陈恨应了一声不敢,李砚踏过三级石阶,再上前两步,脚尖正抵住他的脚尖。李砚这么做时,仍是微低着头的,倒仿佛是有意这么做的。
陈恨便下意识往后退,脚跟正靠在门槛上。他再往后跳了一步,便跳进门槛里,用侯府不高的门槛将自己与他隔开。
李砚一抬眼,便看见他身后什么东西晃了一下,伸手拉住他的胳膊,定睛一看,待看清楚那只是一只兔子灯时,不自觉便缓了神色,略带了笑意,问道:“你的尾巴?”
“不是不是。”陈恨把兔子灯拿在手里,心道是我买给你的尾巴。
那原本是买给李砚,现在被他看见自己插在腰带里,也不好意思送出去了,所以他只是抓在手里。
忠义侯府的堂内有一个小炉子,冬日里就在上边烧水沏茶,免得匪石在厨房与堂前跑这一遭,炉子烤着,还能暖和些。
不过陈恨离开侯府有十来日了,这炉子也就一直没人用过。
此时他坐在小板凳上,鼓着嘴往炉子里吹气。
陈恨是有意背对着坐在堂上的李砚的,只听身后李砚忽道:“年前说赏花儿,忠义侯今日可以了么?”
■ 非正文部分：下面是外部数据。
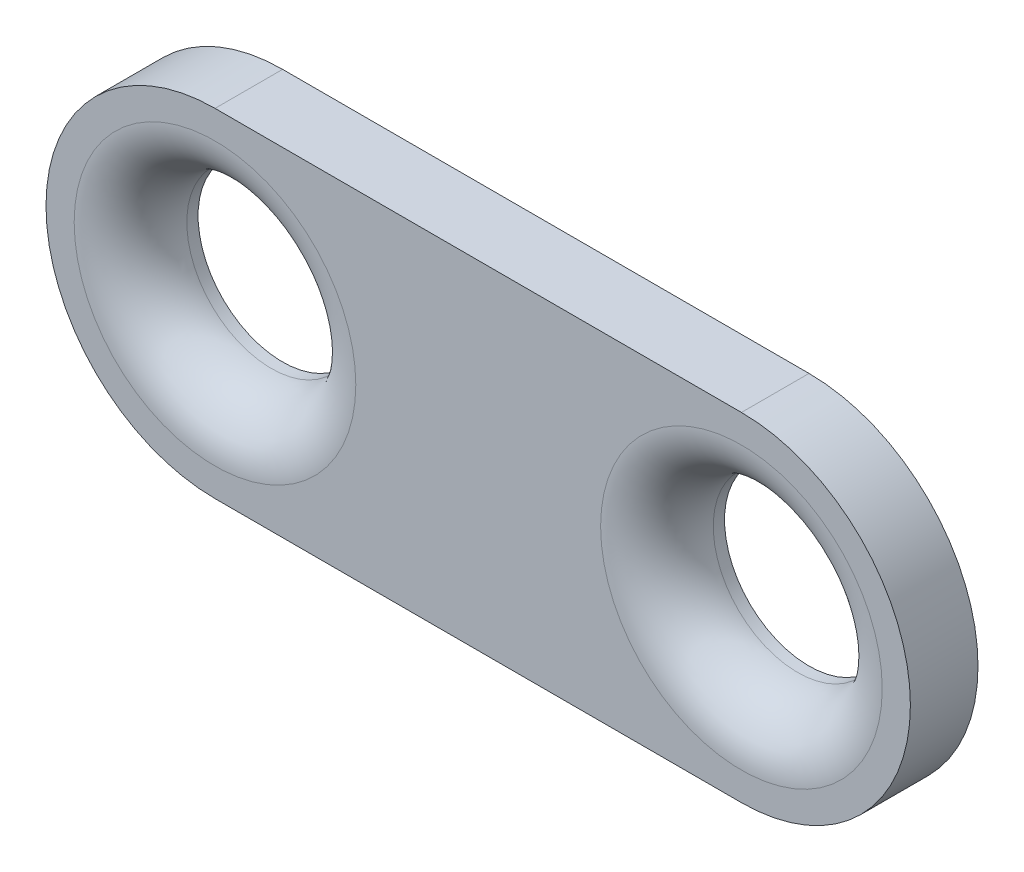
from build123d import *

# Parameters (mm, degrees)
SKETCH_1_R        = 3
SKETCH_1_R_2      = 1.5
EXTRUDE_1_DEPTH   = 1.2
EXTRUDE_1_2_DEPTH = 1.2
EXTRUDE_2_DEPTH   = 1.2
FILLET_1_R        = 1


with BuildPart() as part:
    # Эскиз1 → Бобышка-Вытянуть1 (new body)
    with BuildSketch(Plane.XY):
        with Locations((-4.672939719, 0.001012373)):
            Circle(SKETCH_1_R)
        with Locations((-4.672939719, 0.001012373)):
            Circle(SKETCH_1_R_2, mode=Mode.SUBTRACT)
    extrude(amount=EXTRUDE_1_DEPTH)



with BuildPart() as body_2:
    # Эскиз1 → Extrude 1 2 (new body)
    with BuildSketch(Plane.XY):
        with Locations((4.672939719, -0.001012373)):
            Circle(SKETCH_1_R)
        with Locations((4.672939719, -0.001012373)):
            Circle(SKETCH_1_R_2, mode=Mode.SUBTRACT)
    extrude(amount=EXTRUDE_1_2_DEPTH)


with BuildPart() as part_1:
    add(part.part)

    add(body_2.part)  # Бобышка-Вытянуть2 merges body 2
    # Эскиз2 → Бобышка-Вытянуть2 (add)
    with BuildSketch(Plane.XY.offset(1.2)):
        Polygon((-4.672103484, 3.001012257), (4.673403359, 2.998987591), (1.672939725, -0.001203708), (4.672476078, -3.001012337), (-4.673775953, -2.99898751), (-1.672939772, 0.001576302), align=None)
    extrude(amount=-EXTRUDE_2_DEPTH)

    # Скругление1
    fillet_1_edges = [part_1.edges().sort_by_distance(p)[0] for p in [
        (-6.172939719, 0.001012373, 1.2),
        (3.172939719, -0.001012373, 1.2),
    ]]
    fillet(fillet_1_edges, radius=FILLET_1_R)


solid = part_1.part
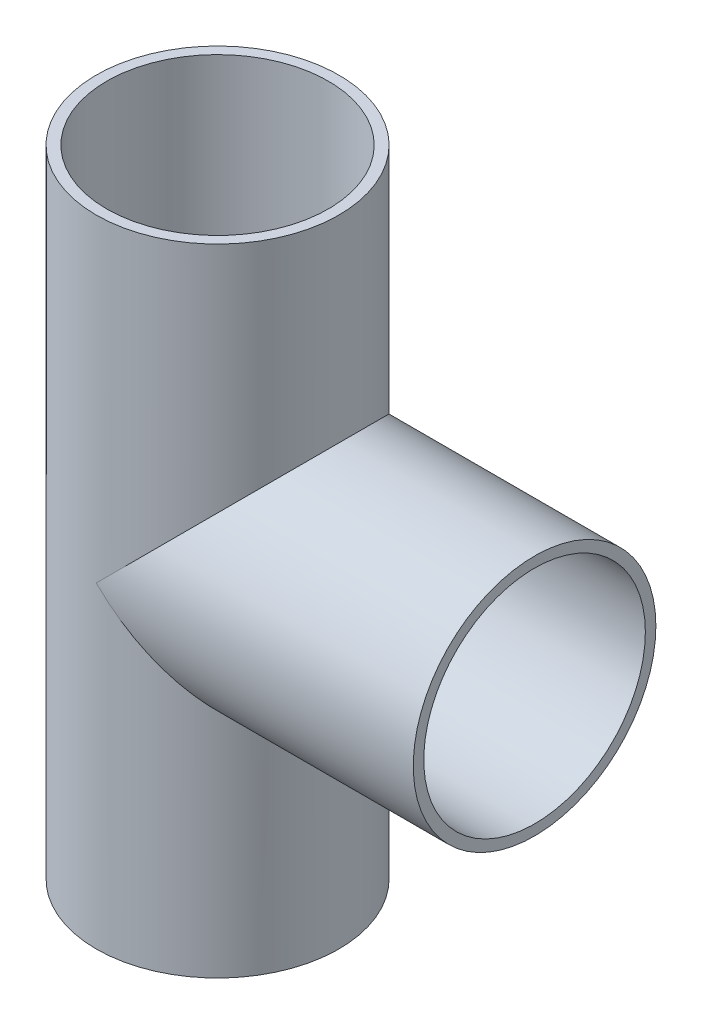
from build123d import *

# Parameters (mm, degrees)
EXTRUDE1_DEPTH          = 50.038
EXTRUDE1_DEPTH_BACK     = 49.784
SKETCH1_R               = 19.05
EXTRUDE2_REACH          = 89.206
EXTRUDE2_END_RADIUS     = 19.05
SKETCH3_R               = 19.05
SKETCH4_R               = 17.399
CUT_EXTRUDE1_DEPTH      = 49.784
CUT_EXTRUDE2_DEPTH      = 74.11053686
CUT_EXTRUDE2_DEPTH_BACK = 74.11053686
SKETCH5_R               = 17.399


with BuildPart() as part:
    # Sketch1 → Extrude1 (new, two sides: drawn at the far end of the back side and taken through both)
    with BuildSketch(Plane(origin=(0, 0, 0), x_dir=(1, 0, 0), z_dir=(0, 1, 0)).offset(-EXTRUDE1_DEPTH_BACK)):
        with Locations(Location((0, 0, 0), (0, 0, 270))):
            Circle(SKETCH1_R)
    extrude(amount=EXTRUDE1_DEPTH + EXTRUDE1_DEPTH_BACK)

    # Extrude2: up to this cylinder (the profile starts outside it)
    extrude2_end = Plane(origin=(0, 0, 0), z_dir=(0, 1, 0)) * Cylinder(EXTRUDE2_END_RADIUS, 217.512, mode=Mode.PRIVATE)
    # Sketch3 → Extrude2 (add, up to the surface)
    with BuildSketch(Plane(origin=(49.784, 0, 0), x_dir=(0, 0, -1), z_dir=(1, 0, 0)), mode=Mode.PRIVATE) as extrude2_sk1:
        Circle(SKETCH3_R)
    extrude2_tool1 = extrude(extrude2_sk1.sketch, amount=-EXTRUDE2_REACH, mode=Mode.PRIVATE) - extrude2_end
    add(extrude2_tool1.solids().sort_by_distance((49.784, 0, 0))[0])

    # Sketch4 → Cut-Extrude1 (cut)
    with BuildSketch(Plane(origin=(49.784, 0, 0), x_dir=(0, 0, -1), z_dir=(1, 0, 0))):
        Circle(SKETCH4_R)
    extrude(amount=-CUT_EXTRUDE1_DEPTH, mode=Mode.SUBTRACT)

    # Sketch5 → Cut-Extrude2 (cut, two sides: drawn at the far end of the back side and taken through both)
    with BuildSketch(Plane(origin=(0, 0, 0), x_dir=(1, 0, 0), z_dir=(0, 1, 0)).offset(-CUT_EXTRUDE2_DEPTH_BACK)):
        with Locations(Location((0, 0, 0), (0, 0, 270))):
            Circle(SKETCH5_R)
    extrude(amount=CUT_EXTRUDE2_DEPTH + CUT_EXTRUDE2_DEPTH_BACK, mode=Mode.SUBTRACT)


solid = part.part
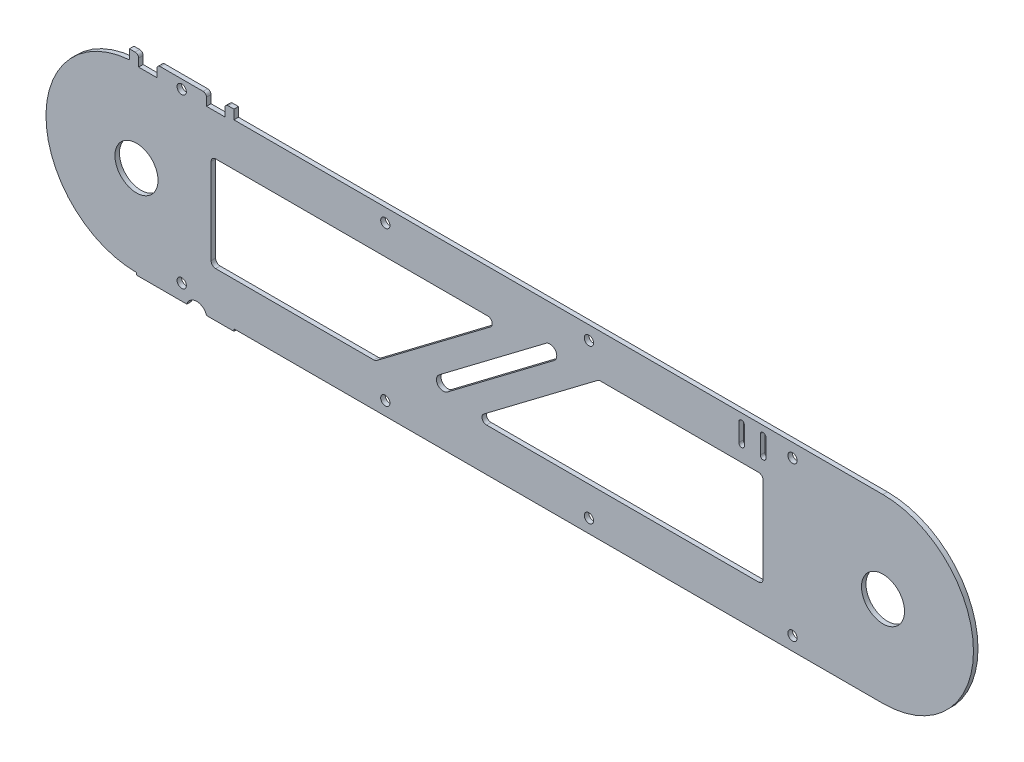
from build123d import *

# Parameters (mm, degrees)
SKETCH_1_R          = 9.52
EXTRUDE_1_DEPTH     = 2
SKETCH_4_W          = 43.1
SKETCH_4_H          = 0.98
SKETCH_4_W_2        = 46.2
SKETCH_4_H_2        = 8.602857229
EXTRUDE_2_DEPTH     = 2
SKETCH_2_R          = 2.05
CUT_EXTRUDE_1_DEPTH = 4
CUT_EXTRUDE_2_DEPTH = 10
FILLET_1_R          = 2
CUT_EXTRUDE_3_DEPTH = 2
FILLET_2_R          = 1.5


with BuildPart() as part:
    # 草图1 → 凸台-拉伸1 (new body)
    with BuildSketch(Plane.XY):
        with BuildLine():
            Line((328.542857143, -40.145714286), (-1.457142857, -40.145714286))
            ThreePointArc((-1.457142857, -40.145714286), (-41.457142857, -0.145714286), (-1.457142857, 39.854285714))
            Line((-1.457142857, 39.854285714), (328.542857143, 39.854285714))
            ThreePointArc((328.542857143, 39.854285714), (368.542857143, -0.145714286), (328.542857143, -40.145714286))
        make_face()
        with Locations((-1.457142857, -0.145714286)):
            Circle(SKETCH_1_R, mode=Mode.SUBTRACT)
        with Locations((328.542857143, -0.145714286)):
            Circle(SKETCH_1_R, mode=Mode.SUBTRACT)
        with BuildLine():
            Line((276.792857143, 35.854285714), (276.792857143, 27.854285714))
            ThreePointArc((276.792857143, 27.854285714), (275.542857143, 26.604285714), (274.292857143, 27.854285714))
            Line((274.292857143, 27.854285714), (274.292857143, 35.854285714))
            ThreePointArc((274.292857143, 35.854285714), (275.542857143, 37.104285714), (276.792857143, 35.854285714))
        make_face(mode=Mode.SUBTRACT)
        with BuildLine():
            Line((264.792857143, 27.854285714), (264.792857143, 35.854285714))
            ThreePointArc((264.792857143, 35.854285714), (266.042857143, 37.104285714), (267.292857143, 35.854285714))
            Line((267.292857143, 35.854285714), (267.292857143, 27.854285714))
            ThreePointArc((267.292857143, 27.854285714), (266.042857143, 26.604285714), (264.792857143, 27.854285714))
        make_face(mode=Mode.SUBTRACT)
    extrude(amount=EXTRUDE_1_DEPTH)

    # 草图4 → 凸台-拉伸2 (add)
    with BuildSketch(Plane.XY.offset(2)):
        with Locations((20.092857143, -40.635714286)):
            Rectangle(SKETCH_4_W, SKETCH_4_H)
        with Locations((18.542857143, 39.652857099)):
            Rectangle(SKETCH_4_W_2, SKETCH_4_H_2)
    extrude(amount=-EXTRUDE_2_DEPTH)

    # 草图2 → 切除-拉伸1 (cut)
    with BuildSketch(Plane.XY.offset(2)):
        with Locations((108.542857143, 33.854285714)):
            Circle(SKETCH_2_R)
        with Locations((198.542857143, 33.854285714)):
            Circle(SKETCH_2_R)
        with Locations((288.542857143, 33.854285714)):
            Circle(SKETCH_2_R)
        with Locations((108.542857143, -34.145714286)):
            Circle(SKETCH_2_R)
        with Locations((198.542857143, -34.145714286)):
            Circle(SKETCH_2_R)
        with Locations((288.542857143, -34.145714286)):
            Circle(SKETCH_2_R)
        with Locations((18.542857143, -34.145714286)):
            Circle(SKETCH_2_R)
        with Locations((18.542857143, 40.014285714)):
            Circle(SKETCH_2_R)
        Polygon((31.542857143, -21.145714286), (104.183898028, -21.145714286), (159.772133322, 20.854285714), (31.542857143, 20.854285714), align=None)
        Polygon((275.542857143, 20.854285714), (202.901816258, 20.854285714), (147.313580964, -21.145714286), (275.542857143, -21.145714286), align=None)
        Polygon((29.492857143, 41.064285714), (29.492857143, 38.964285714), (37.592857143, 38.964285714), (37.592857143, 41.064285714), (37.592857143, 53.579710622), (29.492857143, 53.579710622), align=None)
        Polygon((-0.507142857, 41.064285714), (-0.507142857, 38.964285714), (7.592857143, 38.964285714), (7.592857143, 41.064285714), (7.592857143, 53.579710622), (-0.507142857, 53.579710622), align=None)
    extrude(amount=-CUT_EXTRUDE_1_DEPTH, mode=Mode.SUBTRACT)

    # 草图3 → 切除-拉伸2 (cut)
    with BuildSketch(Plane.XY.offset(2)):
        with BuildLine():
            Line((183.145474057, 18.460683743), (135.97586329, -17.178577727))
            ThreePointArc((135.97586329, -17.178577727), (131.77376205, -16.593475022), (132.358864754, -12.391373783))
            Line((132.358864754, -12.391373783), (179.528475522, 23.247887686))
            ThreePointArc((179.528475522, 23.247887686), (183.730576762, 22.662784982), (183.145474057, 18.460683743))
        make_face()
    extrude(amount=-CUT_EXTRUDE_2_DEPTH, mode=Mode.SUBTRACT)

    # 圆角1
    fillet_1_edges = [part.edges().sort_by_distance(p)[0] for p in [
        (275.542857143, 20.854285714, 1),
        (275.542857143, -21.145714286, 1),
        (147.313580964, -21.145714286, 1),
        (202.901816258, 20.854285714, 1),
        (31.542857143, -21.145714286, 1),
        (31.542857143, 20.854285714, 1),
        (159.772133322, 20.854285714, 1),
        (104.183898028, -21.145714286, 1),
    ]]
    fillet(fillet_1_edges, radius=FILLET_1_R)

    # 草图5 → 切除-拉伸3 (cut)
    with BuildSketch(Plane.XY.offset(2)):
        with BuildLine():
            Line((20.806207352, -41.125714286), (29.507867411, -41.125714286))
            ThreePointArc((29.507867411, -41.125714286), (25.157037382, -37.88123609), (20.806207352, -41.125714286))
        make_face()
    extrude(amount=-CUT_EXTRUDE_3_DEPTH, mode=Mode.SUBTRACT)

    # 圆角2
    fillet_2_edges = [part.edges().sort_by_distance(p)[0] for p in [
        (37.592857143, 43.954285714, 1),
        (29.492857143, 43.954285714, 1),
        (-0.507142857, 43.954285714, 1),
        (7.592857143, 43.954285714, 1),
    ]]
    fillet(fillet_2_edges, radius=FILLET_2_R)


solid = part.part
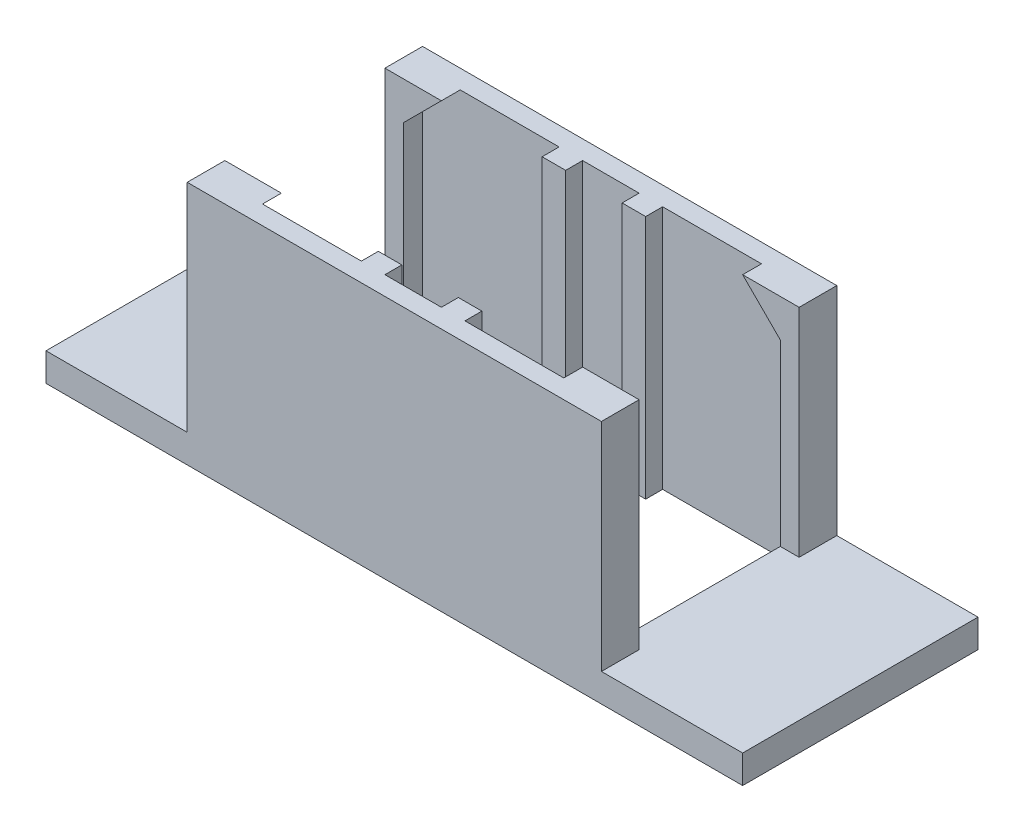
from build123d import *

# Parameters (mm, degrees)
SKETCH1_W           = 44
SKETCH1_H           = 25
SKETCH1_W_2         = 40
SKETCH1_H_2         = 21
BOSS_EXTRUDE1_DEPTH = 26
BOSS_EXTRUDE2_DEPTH = 2
SKETCH3_W           = 17
SKETCH3_H           = 23
CUT_EXTRUDE1_DEPTH  = 57
SKETCH4_W           = 2.5
SKETCH4_H           = 1.8
BOSS_EXTRUDE3_DEPTH = 26
SKETCH8_W           = 25
SKETCH8_H           = 3
BOSS_EXTRUDE5_DEPTH = 15
SKETCH9_W           = 25
SKETCH9_H           = 3
BOSS_EXTRUDE6_DEPTH = 15


with BuildPart() as part:
    # Sketch1 → Boss-Extrude1 (new body)
    with BuildSketch(Plane(origin=(0, 0, 0), x_dir=(1, 0, 0), z_dir=(0, 1, 0))):
        with Locations((-20, 10.5)):
            Rectangle(SKETCH1_W, SKETCH1_H)
        with Locations((-20, 10.5)):
            Rectangle(SKETCH1_W_2, SKETCH1_H_2, mode=Mode.SUBTRACT)
    extrude(amount=BOSS_EXTRUDE1_DEPTH)

    # Sketch2 → Boss-Extrude2 (add)
    with BuildSketch(Plane.XY.offset(-21)):
        Polygon((-40, 22), (-36, 26), (-40, 26), align=None)
        Polygon((0, 26), (0, 22), (-4, 26), align=None)
    boss_extrude2 = extrude(amount=BOSS_EXTRUDE2_DEPTH)

    # Mirror1: Boss-Extrude2 across plane
    add(boss_extrude2.mirror(Plane(origin=(0, 0, -10.5), x_dir=(1, 0, 0), z_dir=(0, 0, -1))))

    # Sketch3 → Cut-Extrude1 (cut, symmetric)
    with BuildSketch(Plane(origin=(-40, 0, 0), x_dir=(0, 0, -1), z_dir=(1, 0, 0))):
        with Locations((10.5, 14.5)):
            Rectangle(SKETCH3_W, SKETCH3_H)
    extrude(amount=CUT_EXTRUDE1_DEPTH, both=True, mode=Mode.SUBTRACT)

    # Sketch4 → Boss-Extrude3 (add)
    with BuildSketch(Plane.XZ):
        with Locations((-24.25, -0.9)):
            Rectangle(SKETCH4_W, SKETCH4_H)
        with Locations((-15.75, -0.9)):
            Rectangle(SKETCH4_W, SKETCH4_H)
        with Locations((-15.75, -20.1)):
            Rectangle(SKETCH4_W, SKETCH4_H)
        with Locations((-24.25, -20.1)):
            Rectangle(SKETCH4_W, SKETCH4_H)
    extrude(amount=-BOSS_EXTRUDE3_DEPTH)

    # Sketch8 → Boss-Extrude5 (add)
    with BuildSketch(Plane(origin=(2, 0, 0), x_dir=(0, 0, -1), z_dir=(1, 0, 0))):
        with Locations((10.5, 1.5)):
            Rectangle(SKETCH8_W, SKETCH8_H)
    extrude(amount=BOSS_EXTRUDE5_DEPTH)

    # Sketch9 → Boss-Extrude6 (add)
    with BuildSketch(Plane.ZY.offset(42)):
        with Locations((-10.5, 1.5)):
            Rectangle(SKETCH9_W, SKETCH9_H)
    extrude(amount=BOSS_EXTRUDE6_DEPTH)


solid = part.part

炉子里的木炭亮起来,又很快灭了。陈恨吹出来的一口气岔了,他用袖子捂着嘴,闷闷地咳了两声。
赏花赏花,就是造反。
他就说,就说李砚没那么容易把这一页给翻过去。自己要疏远他的决定,还是很对的。
“不行。”陈恨低声回道,“那棵树它……太难看了,皇爷看了要洗眼睛的。”
木炭终于烧起来了,陈恨把水壶架在上面。一直等到蒸汽把壶盖给顶起来,便垫着一块抹布,提起水壶,转身给上座的李砚沏了茶。
白汽氤氲起来,陈恨又微垂着眸,只盯着茶盏看,李砚便看他看得不清。
他有意把水壶放在二人之间的高桌上,好再把他们隔开。
太难堪了,从来就没有这么相处过。陈恨双手搭在膝上,只低着头不说话。
又爱又怕的,还有一点心虚。
很艰难地挨到将要正午的时候,陈恨轻轻开口:“皇爷回……”
李砚提起茶壶,很自然地给自己续了一杯茶,也没有要走的意思。
他不走,陈恨也不能拉着他走,便改了口道:“匪石不在,臣去弄点东西来吃。”
有了这个借口,陈恨就躲去了厨房。
忠义侯府,李砚从前来逛过两回。